First, I'm going to go technical: As the Twitter streaming API feeds tweets to Flume via twitter4j, it writes them somewhere Hadoop can get at them. When Hadoop realizes they're there, it goes through the MapReduce operation you coded and feeds the result in to Elasticsearch. Once they're there, you can use Kibana's time range selector to ensure you're getting "fresh" information or just watch for anything new.

Now, the easy way: The Twitter streaming API throws shit in to the top of the sausage maker that is Hadoop. As you turn the handle and cut them off, they fall in to the deep freeze that is Elasticsearch. Kibana is the chef so it demands Elasticsearch give it an Oktoberfest and two Kielbasa. It then cooks them and serves them up on the plate that is your web browser.

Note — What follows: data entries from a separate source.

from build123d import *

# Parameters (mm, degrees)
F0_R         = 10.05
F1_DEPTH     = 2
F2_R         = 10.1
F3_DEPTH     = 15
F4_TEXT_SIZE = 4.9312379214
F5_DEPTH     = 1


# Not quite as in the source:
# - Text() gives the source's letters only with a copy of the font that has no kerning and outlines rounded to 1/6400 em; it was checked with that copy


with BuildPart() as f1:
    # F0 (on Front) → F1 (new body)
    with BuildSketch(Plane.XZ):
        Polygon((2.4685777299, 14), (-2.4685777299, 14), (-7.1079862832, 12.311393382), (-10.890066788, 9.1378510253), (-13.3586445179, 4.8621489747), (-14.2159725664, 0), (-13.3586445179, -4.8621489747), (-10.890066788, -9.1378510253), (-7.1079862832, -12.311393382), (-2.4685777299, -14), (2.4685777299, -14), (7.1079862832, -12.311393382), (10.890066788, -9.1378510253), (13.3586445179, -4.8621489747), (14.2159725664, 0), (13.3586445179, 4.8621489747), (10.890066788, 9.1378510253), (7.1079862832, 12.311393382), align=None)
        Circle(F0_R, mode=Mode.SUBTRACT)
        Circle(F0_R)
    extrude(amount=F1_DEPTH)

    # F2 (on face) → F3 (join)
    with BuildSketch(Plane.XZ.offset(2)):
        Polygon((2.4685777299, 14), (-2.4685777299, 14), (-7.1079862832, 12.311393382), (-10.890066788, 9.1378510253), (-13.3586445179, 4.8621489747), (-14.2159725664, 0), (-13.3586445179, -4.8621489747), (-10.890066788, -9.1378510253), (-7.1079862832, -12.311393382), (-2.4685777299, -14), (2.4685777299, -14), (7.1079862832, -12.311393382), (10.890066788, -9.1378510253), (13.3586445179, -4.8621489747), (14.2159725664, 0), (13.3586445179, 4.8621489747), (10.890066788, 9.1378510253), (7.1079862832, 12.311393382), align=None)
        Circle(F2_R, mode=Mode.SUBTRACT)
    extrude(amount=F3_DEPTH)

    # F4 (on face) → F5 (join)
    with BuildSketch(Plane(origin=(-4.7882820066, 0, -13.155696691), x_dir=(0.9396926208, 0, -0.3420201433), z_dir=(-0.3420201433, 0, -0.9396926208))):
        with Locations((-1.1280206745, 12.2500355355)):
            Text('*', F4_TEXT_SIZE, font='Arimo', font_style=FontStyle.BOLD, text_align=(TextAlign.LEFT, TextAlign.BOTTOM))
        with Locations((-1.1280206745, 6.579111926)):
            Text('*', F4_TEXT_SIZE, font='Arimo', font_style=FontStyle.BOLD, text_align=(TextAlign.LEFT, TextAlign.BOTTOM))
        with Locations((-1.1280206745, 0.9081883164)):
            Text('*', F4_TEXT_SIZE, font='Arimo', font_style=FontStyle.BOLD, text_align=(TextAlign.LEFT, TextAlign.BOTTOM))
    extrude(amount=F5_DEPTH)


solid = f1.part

You can even take a modified version of that query and have it send you an email whenever a new hit shows up.

Staying Safe

I openly admit that, of the examples above, some are factual. The ones that are will never correspond to anything I used as an answer. The rest? Well, they're simply misleading bullshit because, c'mon, who knows I didn't grow up on Satok?

In fact, if you search for the #myfirstcar hashtag, you'll see people posting pictures of like powerwheels and tricked out tricycles and bigwheels and shit, that's how you have fun playing the game while not providing any actually useful information when you inevitably show up in mythat Kibana table.

Ed: And no, this isn't an optimal setup. It literally came to me in the 5 minutes it took to write that Facebook post. The crux of it is stay safe because there are people like me out there, and they do not draw the line at this just being an intellectual exercise.

Ed2: There's a chance I misunderstood the term "big data hacking".